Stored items
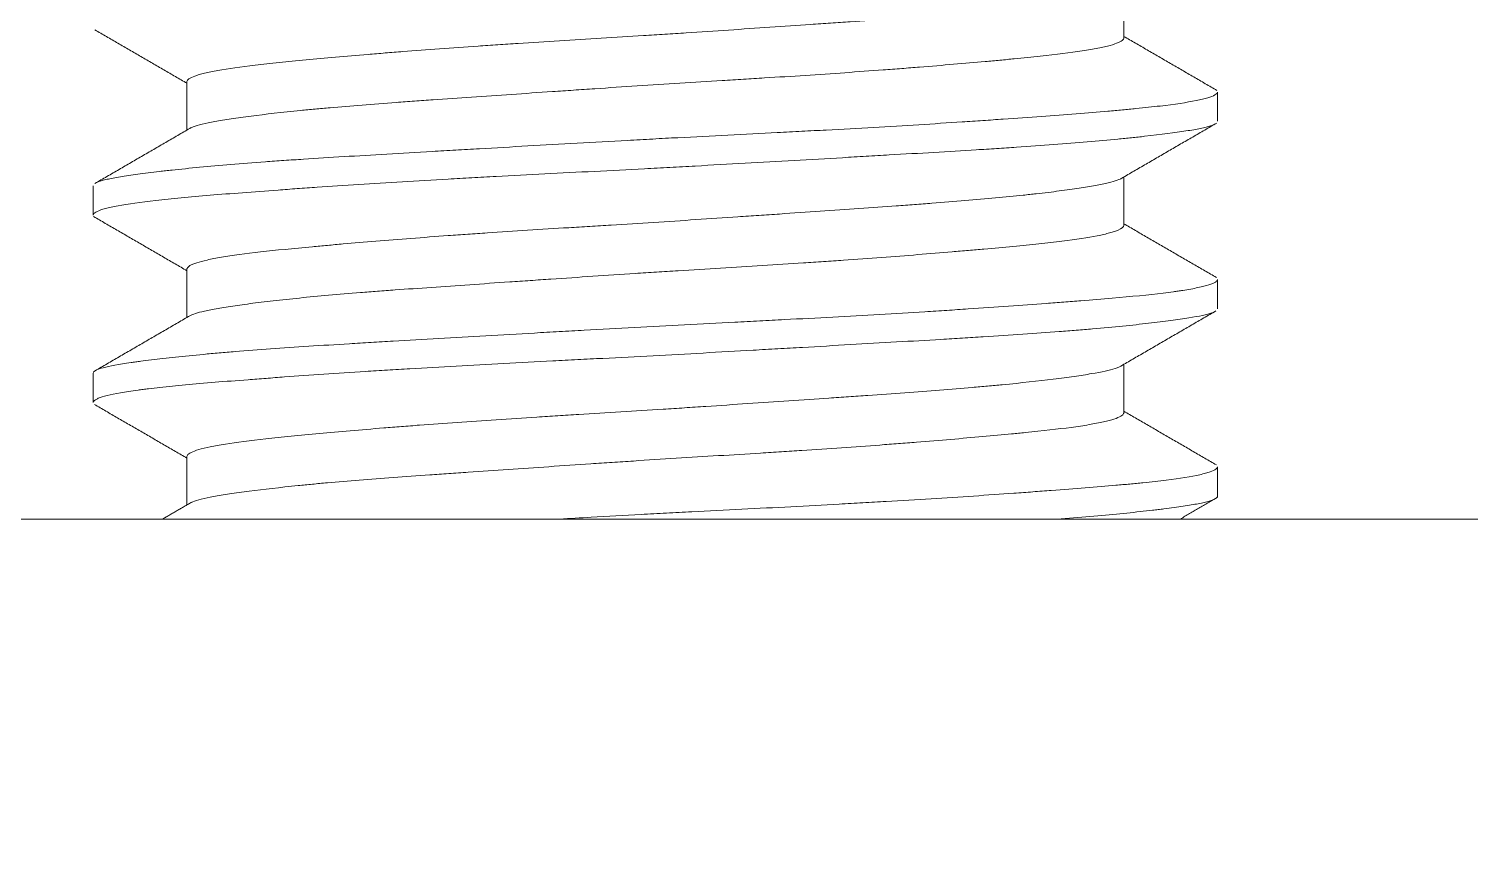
# Model space of a CAD drawing. Header units: millimetres. Extents: x 240 to 1080, y -29 to 565.
# Drawn here: x 383.13 to 390.82, y 191.79 to 196.15 of the extents above; entities that cross this region are included whole.
import ezdxf

# ---------------------------------------------------------------- set-up
doc = ezdxf.new("R2010")
doc.units = ezdxf.units.MM
doc.header["$LTSCALE"] = 0.75
doc.layers.add('DIM', color=3, linetype='Continuous')
doc.styles.get("Standard").update_dxf_attribs({"font": 'arial.ttf'})
doc.dimstyles.new('사본 ISO-25', dxfattribs={"dimtxt": 7, "dimasz": 7, "dimexe": 2.1, "dimexo": 2.1, "dimgap": 2, "dimtad": 1, "dimtih": 1, "dimtoh": 1, "dimdec": 1, "dimdsep": 46, "dimtxsty": 'Standard', "dimcen": 0, "dimclrd": 3, "dimclre": 3, "dimclrt": 4, "dimazin": 2, "dimtp": 0.1, "dimtm": 0.1, "dimtfac": 0.714286, "dimtdec": 1, "dimtmove": 0, "dimatfit": 3, "dimfxl": 1, "dimarcsym": 0})

msp = doc.modelspace()

# ---------------------------------------------------------------- linework, layer by layer
at = {"color": 7, "linetype": 'Continuous', "lineweight": 18}
for p, q in [((388.9725, 196.1032), (388.9725, 196.3613)), ((383.9725, 195.8702), (383.9725, 195.6117)), ((389.4725, 195.6593), (389.4725, 195.8143)), ((383.4725, 195.3139), (383.4725, 195.1591)), ((388.9725, 195.1028), (388.9725, 195.3613)), ((383.9725, 194.8705), (383.9725, 194.6119)), ((389.4725, 194.6584), (389.4725, 194.8144)), ((383.4725, 194.3149), (383.475, 194.3213)), ((383.4725, 194.3146), (383.4725, 194.1592)), ((388.9725, 194.1035), (388.9725, 194.3615)), ((383.9725, 193.8698), (383.9725, 193.6117)), ((389.4725, 193.6593), (389.4725, 193.814)), ((377.2725, 193.5366), (402.9725, 193.5366))]:
    msp.add_line(p, q, dxfattribs=at)
for points, knots in [([(388.9584, 196.3532), (388.9552, 196.3513), (388.949, 196.3482), (388.9413, 196.3452), (388.935, 196.3429), (388.9316, 196.3417), (388.9208, 196.3382), (388.9128, 196.3359), (388.8688, 196.3243), (388.8206, 196.315), (388.7293, 196.3006), (388.6956, 196.2957), (388.6494, 196.2895), (388.64, 196.2883), (388.6207, 196.2858), (388.5913, 196.2821), (388.5604, 196.2783), (388.4541, 196.2658), (388.3585, 196.2559), (388.2259, 196.2438), (388.1851, 196.2402), (388.1427, 196.2366), (388.1142, 196.2342), (388.0997, 196.233), (388.0269, 196.2272), (387.9669, 196.2225), (387.7814, 196.2087), (387.6507, 196.1994), (387.4784, 196.1875), (387.4435, 196.1851), (387.3905, 196.1814), (387.3727, 196.1802), (387.337, 196.1777), (387.3192, 196.1765), (387.2296, 196.1704), (387.1573, 196.1654), (386.9382, 196.1505), (386.7894, 196.1404), (386.5997, 196.1279), (386.5615, 196.1255), (386.4854, 196.1205), (386.4475, 196.1181), (386.334, 196.111), (386.2587, 196.1063), (386.0344, 196.0925), (385.8865, 196.0834), (385.7041, 196.0716), (385.6679, 196.0693), (385.5964, 196.0645), (385.5611, 196.0621), (385.4563, 196.055), (385.3196, 196.0454), (385.189, 196.0355), (385.0934, 196.028), (385.062, 196.0255), (384.9998, 196.0205), (384.9691, 196.018), (384.879, 196.0104), (384.8214, 196.0055), (384.7112, 195.9957), (384.6586, 195.9909), (384.5582, 195.9815), (384.5104, 195.9769), (384.4426, 195.9699), (384.4206, 195.9676), (384.3779, 195.9629), (384.3574, 195.9606), (384.2587, 195.9489), (384.1924, 195.9395), (384.1114, 195.925), (384.0875, 195.9201), (384.0564, 195.9126), (384.0469, 195.9101), (384.0295, 195.905), (384.0218, 195.9025), (383.9871, 195.8899), (383.973, 195.8799), (383.9725, 195.87), (383.9725, 195.8696), (383.9725, 195.8693)], [0, 0, 0, 0, 0.012189, 0.019658, 0.019658, 0.027127, 0.027127, 0.042065, 0.042065, 0.101816, 0.101816, 0.131692, 0.131692, 0.139161, 0.139161, 0.14663, 0.161568, 0.161568, 0.221319, 0.221319, 0.236257, 0.243726, 0.243726, 0.251195, 0.251195, 0.281071, 0.281071, 0.340822, 0.340822, 0.35576, 0.35576, 0.363229, 0.363229, 0.370698, 0.370698, 0.400574, 0.400574, 0.460325, 0.460325, 0.475263, 0.475263, 0.490201, 0.490201, 0.520077, 0.520077, 0.579828, 0.579828, 0.594766, 0.594766, 0.609704, 0.609704, 0.63958, 0.669455, 0.669455, 0.684393, 0.684393, 0.699331, 0.699331, 0.729207, 0.729207, 0.759083, 0.759083, 0.788958, 0.788958, 0.803896, 0.803896, 0.818834, 0.818834, 0.878585, 0.878585, 0.908461, 0.908461, 0.923399, 0.923399, 0.938337, 0.938337, 0.998088, 0.998088, 1, 1, 1, 1]), ([(383.9893, 195.6216), (383.9941, 195.6241), (383.9999, 195.6267), (384.0316, 195.6384), (384.0699, 195.6476), (384.1347, 195.6594), (384.1485, 195.6618), (384.1779, 195.6667), (384.1933, 195.6691), (384.2418, 195.6764), (384.2771, 195.6814), (384.3918, 195.6962), (384.4797, 195.7063), (384.6045, 195.7188), (384.6302, 195.7213), (384.6827, 195.7262), (384.7095, 195.7286), (384.7915, 195.7358), (384.9051, 195.7452), (385.0272, 195.7544), (385.122, 195.7614), (385.1541, 195.7638), (385.2195, 195.7684), (385.2528, 195.7708), (385.4213, 195.7827), (385.5608, 195.7923), (385.7766, 195.8071), (385.8496, 195.8121), (385.9609, 195.8196), (385.9982, 195.8222), (386.0547, 195.826), (386.0736, 195.8273), (386.1114, 195.8298), (386.1303, 195.8311), (386.2249, 195.8374), (386.3005, 195.8424), (386.4516, 195.8522), (386.5272, 195.857), (386.6783, 195.8665), (386.7727, 195.8723), (386.8671, 195.8781), (386.9049, 195.8804), (386.9238, 195.8816), (386.9801, 195.8851), (387.0174, 195.8874), (387.2022, 195.899), (387.3455, 195.9083), (387.5533, 195.9228), (387.6215, 195.9277), (387.7219, 195.9352), (387.7549, 195.9377), (387.8196, 195.9427), (387.8515, 195.9452), (388.008, 195.9577), (388.1246, 195.9678), (388.2594, 195.9799), (388.2858, 195.9823), (388.3376, 195.9871), (388.3629, 195.9895), (388.4366, 195.9966), (388.4827, 196.0012), (388.6122, 196.0151), (388.687, 196.0244), (388.7655, 196.0364), (388.7805, 196.0388), (388.8089, 196.0438), (388.8222, 196.0462), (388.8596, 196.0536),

Activity
Within the entries above, how many lines hold the string "units"? State the number with no other words.

Task output
2